Atomic Bose–Einstein condensate in twisted-bilayer optical lattices

Observation of strong correlations and superconductivity in twisted-bilayer graphene1-4 has stimulated tremendous interest in fundamental and applied physics5-8. In this system, the superposition of two twisted honeycomb lattices, generating a moiré pattern, is the key to the observed flat electronic bands, slow electron velocity and large density of states9-12. Extension of the twisted-bilayer system to new configurations is highly desired, which can provide exciting prospects to investigate twistronics beyond bilayer graphene.

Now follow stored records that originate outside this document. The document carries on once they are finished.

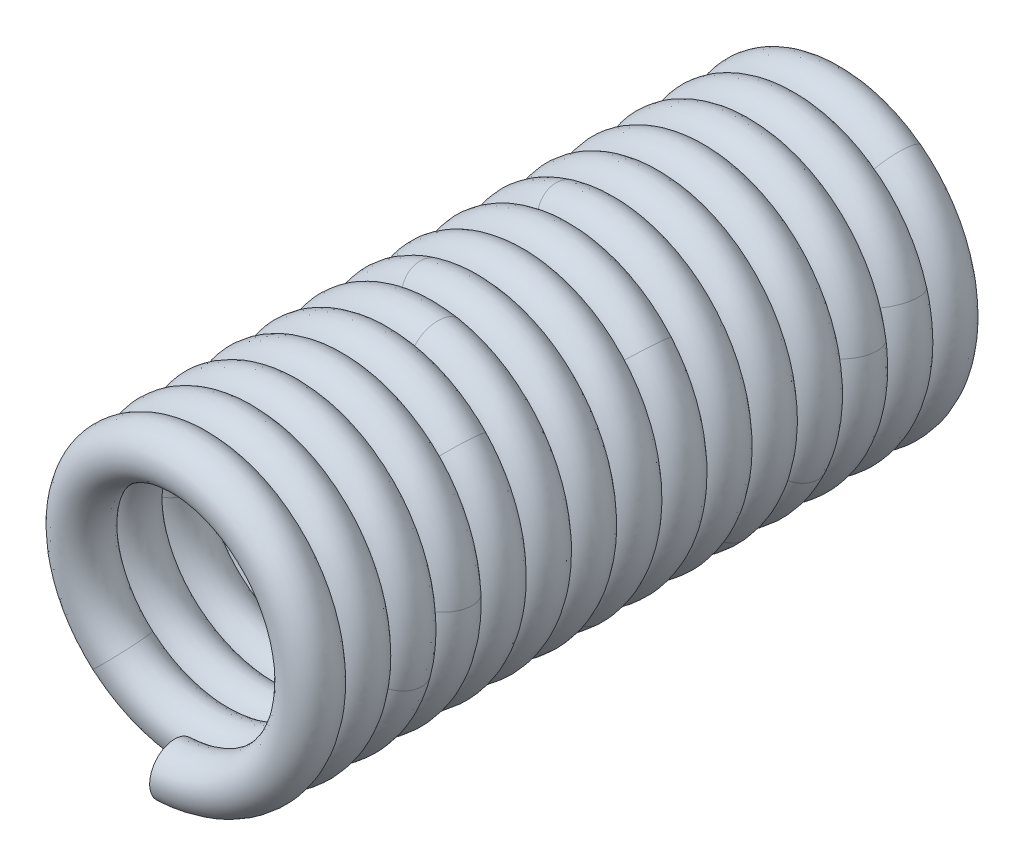
from build123d import *

# Parameters (mm, degrees)
SWEEP1_PITCH       = 2.286
SWEEP1_HEIGHT      = 34.29
SWEEP1_RADIUS      = 6.35
SWEEP1_START_ANGLE = -90
SWEEP1_PROFILE_R   = 1.27


with BuildPart() as part:
    # Sweep1: sweep along a helix
    with BuildLine() as sweep1_path:
        add(Helix(SWEEP1_PITCH, SWEEP1_HEIGHT, SWEEP1_RADIUS, center=(0, 0, 0), direction=(0, 0, 1), lefthand=True, mode=Mode.PRIVATE).rotate(Axis((0, 0, 0), (0, 0, 1)), SWEEP1_START_ANGLE))
    # Sweep1 profile (on start of the path) → Sweep1 (sweep)
    with BuildSketch(Plane(origin=(0, -6.35, 0), x_dir=(-0.05720196495684604, 0, -0.9983626271075434), z_dir=(-0.9983626271075434, -1.952172595504798e-13, 0.05720196495684604))):
        Circle(SWEEP1_PROFILE_R)
    sweep(path=sweep1_path.line, is_frenet=True)


solid = part.part

Here we demonstrate a quantum simulation of superfluid to Mott insulator transition in twisted-bilayer square lattices based on atomic Bose-Einstein condensates loaded into spin-dependent optical lattices. The lattices are made of two sets of laser beams that independently address atoms in different spin states, which form the synthetic dimension accommodating the two layers. The interlayer coupling is highly controllable by a microwave field, which enables the occurrence of a lowest flat band and new correlated phases in the strong coupling limit. We directly observe the spatial moiré pattern and the momentum diffraction, which confirm the presence of two forms of superfluid and a modified superfluid to insulator transition in twisted-bilayer lattices. Our scheme is generic and can be applied to different lattice geometries and for both boson and fermion systems. This opens up a new direction for exploring moiré physics in ultracold atoms with highly controllable optical lattices.